Draining canal on Imja Tsho

It’s like handling a water butt. The amount of rainfall is not manageable. If you want to prevent the butt from overflowing, you must drain the water. According to this model, the water level of Imja Tsho has now been lowered by a total of 3.40 meters over a period of two months. The glacial lake in the Everest region, which is almost 150 meters deep in some places, has steadily expanded over the last few years as a result of climate change, and has become a threat to the downstream villages, especially the nearby located Chukhung and Dingboche. A bursting of the natural dam at an altitude of about 5,000 meters could have devastating consequences. Soldiers from the Nepalese army were involved in the construction work for the canal, via which a total of four billion liters of water were drained. According to the government in Kathmandu, “an estimated 96,562 people, including tourists” – for this exact estimate Nepal earns an entry in the Guinness Book of Records 😉 – are expected to benefit from the project, which cost about three million US dollars and was funded by the United Nations. Daene McKinney, professor of Environmental and Water Resources Engineering at the University of Texas at Austin, was on site and has replied to my questions.

Professor McKinney, you were involved in the Imja Lake lowering project in the Everest region. How dangerous did you assess the situation before starting to drain the water?

Imja Tsho, seen from space

We have been researching this question of the risk of Imja Lake for a number of years now. This work has involved field observations and measurements, community consultations and detailed computer modeling.  Our most recent publication on this, Rounce et al. (2016), notes that the risk of the lake is “moderate”. This categorization is based on both the current status of “low” hazard of the lake and future hazard status of “very high” due to the continued expansion of the lake that will result in the possibility of avalanches falling into the lake in the future (but not at the present time).

Do you think the situation is now under control?

The recent lowering of the lake by 3-3.5 m has certainly reduced hydrostatic pressure from the lake on the terminal moraine to some extent and this helps. However, the lake continues to expand and in the future, the situation will become a problem. In addition, the small lakes that make up the outlet channel of the lake continue to deteriorate and coalesce into the main body of the lake due to the ice-cored nature of the moraine.  This will act to increase pressure on the moraine and increase the risk to some extent.

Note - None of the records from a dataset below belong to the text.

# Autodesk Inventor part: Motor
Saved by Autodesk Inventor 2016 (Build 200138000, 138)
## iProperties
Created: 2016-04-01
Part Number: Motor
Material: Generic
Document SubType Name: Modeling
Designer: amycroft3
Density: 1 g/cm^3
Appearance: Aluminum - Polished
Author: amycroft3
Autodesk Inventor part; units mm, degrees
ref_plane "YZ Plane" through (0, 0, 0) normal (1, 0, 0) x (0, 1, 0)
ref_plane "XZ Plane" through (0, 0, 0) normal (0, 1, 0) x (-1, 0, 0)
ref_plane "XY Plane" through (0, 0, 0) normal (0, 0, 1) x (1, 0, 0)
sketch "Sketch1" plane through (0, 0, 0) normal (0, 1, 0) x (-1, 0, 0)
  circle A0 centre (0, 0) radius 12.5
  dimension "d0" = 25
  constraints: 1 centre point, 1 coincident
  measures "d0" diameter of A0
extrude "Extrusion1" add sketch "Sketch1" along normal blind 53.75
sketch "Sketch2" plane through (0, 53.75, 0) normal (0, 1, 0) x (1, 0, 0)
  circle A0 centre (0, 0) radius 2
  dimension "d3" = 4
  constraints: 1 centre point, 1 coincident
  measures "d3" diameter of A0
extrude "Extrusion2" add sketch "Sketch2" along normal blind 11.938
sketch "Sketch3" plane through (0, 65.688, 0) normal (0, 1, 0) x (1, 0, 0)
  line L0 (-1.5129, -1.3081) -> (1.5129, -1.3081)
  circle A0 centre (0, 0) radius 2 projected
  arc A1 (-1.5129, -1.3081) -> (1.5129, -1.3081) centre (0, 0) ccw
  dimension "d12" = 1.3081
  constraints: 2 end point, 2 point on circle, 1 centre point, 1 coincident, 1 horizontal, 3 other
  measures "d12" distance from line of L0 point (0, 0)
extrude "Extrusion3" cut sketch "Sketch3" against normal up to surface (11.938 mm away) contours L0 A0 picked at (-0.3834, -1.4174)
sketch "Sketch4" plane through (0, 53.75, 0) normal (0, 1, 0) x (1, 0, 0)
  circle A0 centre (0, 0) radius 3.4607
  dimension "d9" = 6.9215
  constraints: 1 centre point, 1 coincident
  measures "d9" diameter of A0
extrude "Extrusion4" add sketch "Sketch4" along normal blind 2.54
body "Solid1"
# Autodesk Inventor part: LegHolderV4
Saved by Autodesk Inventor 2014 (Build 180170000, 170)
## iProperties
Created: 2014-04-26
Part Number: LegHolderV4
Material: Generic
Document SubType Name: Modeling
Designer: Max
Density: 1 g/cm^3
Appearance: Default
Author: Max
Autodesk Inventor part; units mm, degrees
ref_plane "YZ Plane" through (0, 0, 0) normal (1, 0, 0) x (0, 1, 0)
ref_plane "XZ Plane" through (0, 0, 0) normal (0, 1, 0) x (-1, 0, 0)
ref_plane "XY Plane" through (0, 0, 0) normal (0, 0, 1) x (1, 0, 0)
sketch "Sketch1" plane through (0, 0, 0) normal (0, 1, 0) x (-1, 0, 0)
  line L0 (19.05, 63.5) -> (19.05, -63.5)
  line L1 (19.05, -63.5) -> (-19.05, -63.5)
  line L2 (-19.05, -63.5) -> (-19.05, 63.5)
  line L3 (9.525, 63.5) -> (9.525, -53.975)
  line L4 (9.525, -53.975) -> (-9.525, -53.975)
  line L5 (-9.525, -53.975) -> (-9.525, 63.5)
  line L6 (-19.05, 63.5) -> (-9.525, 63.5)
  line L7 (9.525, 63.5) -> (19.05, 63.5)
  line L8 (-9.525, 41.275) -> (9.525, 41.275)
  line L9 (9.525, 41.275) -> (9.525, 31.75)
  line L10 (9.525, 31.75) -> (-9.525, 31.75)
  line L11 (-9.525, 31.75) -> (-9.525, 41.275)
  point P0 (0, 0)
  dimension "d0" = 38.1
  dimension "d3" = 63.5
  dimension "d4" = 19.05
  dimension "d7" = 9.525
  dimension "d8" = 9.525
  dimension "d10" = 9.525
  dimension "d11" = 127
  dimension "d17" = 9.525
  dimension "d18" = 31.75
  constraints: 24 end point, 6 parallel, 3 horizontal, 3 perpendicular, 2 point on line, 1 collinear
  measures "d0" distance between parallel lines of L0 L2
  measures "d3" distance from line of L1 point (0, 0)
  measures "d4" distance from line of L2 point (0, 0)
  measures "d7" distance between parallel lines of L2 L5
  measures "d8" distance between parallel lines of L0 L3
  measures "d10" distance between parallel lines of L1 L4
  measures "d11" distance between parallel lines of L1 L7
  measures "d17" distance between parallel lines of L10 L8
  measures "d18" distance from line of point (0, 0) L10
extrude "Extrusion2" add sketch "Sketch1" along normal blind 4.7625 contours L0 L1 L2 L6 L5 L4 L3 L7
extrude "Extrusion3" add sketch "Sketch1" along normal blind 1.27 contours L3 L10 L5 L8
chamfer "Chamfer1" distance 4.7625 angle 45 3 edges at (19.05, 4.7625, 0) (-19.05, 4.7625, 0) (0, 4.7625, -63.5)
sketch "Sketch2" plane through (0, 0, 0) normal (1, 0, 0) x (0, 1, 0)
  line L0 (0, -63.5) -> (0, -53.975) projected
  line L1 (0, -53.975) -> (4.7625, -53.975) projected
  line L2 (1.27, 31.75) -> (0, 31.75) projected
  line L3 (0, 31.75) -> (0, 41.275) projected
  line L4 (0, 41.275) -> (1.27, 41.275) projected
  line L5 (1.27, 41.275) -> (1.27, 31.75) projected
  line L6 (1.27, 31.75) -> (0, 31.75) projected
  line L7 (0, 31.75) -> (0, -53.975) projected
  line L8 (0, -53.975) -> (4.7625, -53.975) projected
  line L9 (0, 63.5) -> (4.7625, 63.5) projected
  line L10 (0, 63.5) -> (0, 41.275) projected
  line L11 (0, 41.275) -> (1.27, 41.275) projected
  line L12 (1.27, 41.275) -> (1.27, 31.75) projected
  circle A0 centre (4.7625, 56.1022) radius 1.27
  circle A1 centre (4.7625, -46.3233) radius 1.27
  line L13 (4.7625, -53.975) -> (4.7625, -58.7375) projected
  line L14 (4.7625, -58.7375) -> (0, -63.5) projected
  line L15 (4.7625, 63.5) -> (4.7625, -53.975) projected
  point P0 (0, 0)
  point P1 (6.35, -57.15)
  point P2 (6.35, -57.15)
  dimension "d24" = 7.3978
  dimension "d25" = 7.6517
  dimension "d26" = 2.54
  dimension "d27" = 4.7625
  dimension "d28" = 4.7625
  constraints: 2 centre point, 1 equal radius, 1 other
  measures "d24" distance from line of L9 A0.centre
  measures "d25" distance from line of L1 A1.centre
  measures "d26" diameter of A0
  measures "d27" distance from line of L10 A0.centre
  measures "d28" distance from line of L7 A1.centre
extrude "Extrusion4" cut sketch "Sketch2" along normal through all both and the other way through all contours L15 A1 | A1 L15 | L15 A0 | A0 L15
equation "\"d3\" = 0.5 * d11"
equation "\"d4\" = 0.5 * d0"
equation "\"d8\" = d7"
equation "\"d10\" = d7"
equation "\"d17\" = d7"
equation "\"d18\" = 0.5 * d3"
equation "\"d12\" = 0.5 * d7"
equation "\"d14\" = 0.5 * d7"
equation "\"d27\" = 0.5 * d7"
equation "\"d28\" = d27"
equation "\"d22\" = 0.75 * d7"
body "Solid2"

Daene McKinney on the lakeside of Imja Tsho

The Nepalese government talked about a “milestone adaption work not only for Nepal but across globally”. It was a pilot project. How realistic is it to transfer the Imja model to other potentially dangerous glacier lakes?

The construction experience of Imja is of great value to the region, demonstrating the ability to perform such work at high altitude remote locations.  However, the design criteria for lowering the lake (lower the lake at least 3 m) were arbitrarily selected with no scientific or engineering basis.  This was similar to the situation at Tsho Rolpa (in the Rolwaling Valley), the only other lake that has been lowered n Nepal.  It is hoped that when considering the design of lake lowering systems for other lakes in Nepal, e.g.  Thulagi Lake (located near the eight-thousander Manaslu), that a more systematic and scientific method will be used to decide of the “safe” lake level.

It is to be expected, that climate change will cause more glacial lakes in the Himalayas or aggravate the situation at already existing lakes. Do you think the problem can be handled?

Definitely, more lakes are appearing and expanding every year in the Himalayas and this will continue for the foreseeable future. Some of these will turn out to pose risk to downstream communities and infrastructure. The level of risk posed by these lakes must be assessed (something that we are working on now) and acceptable risk levels must be determined to protect downstream people and assets. In cases where the risk is too high, new lake safety systems must be properly designed and implemented.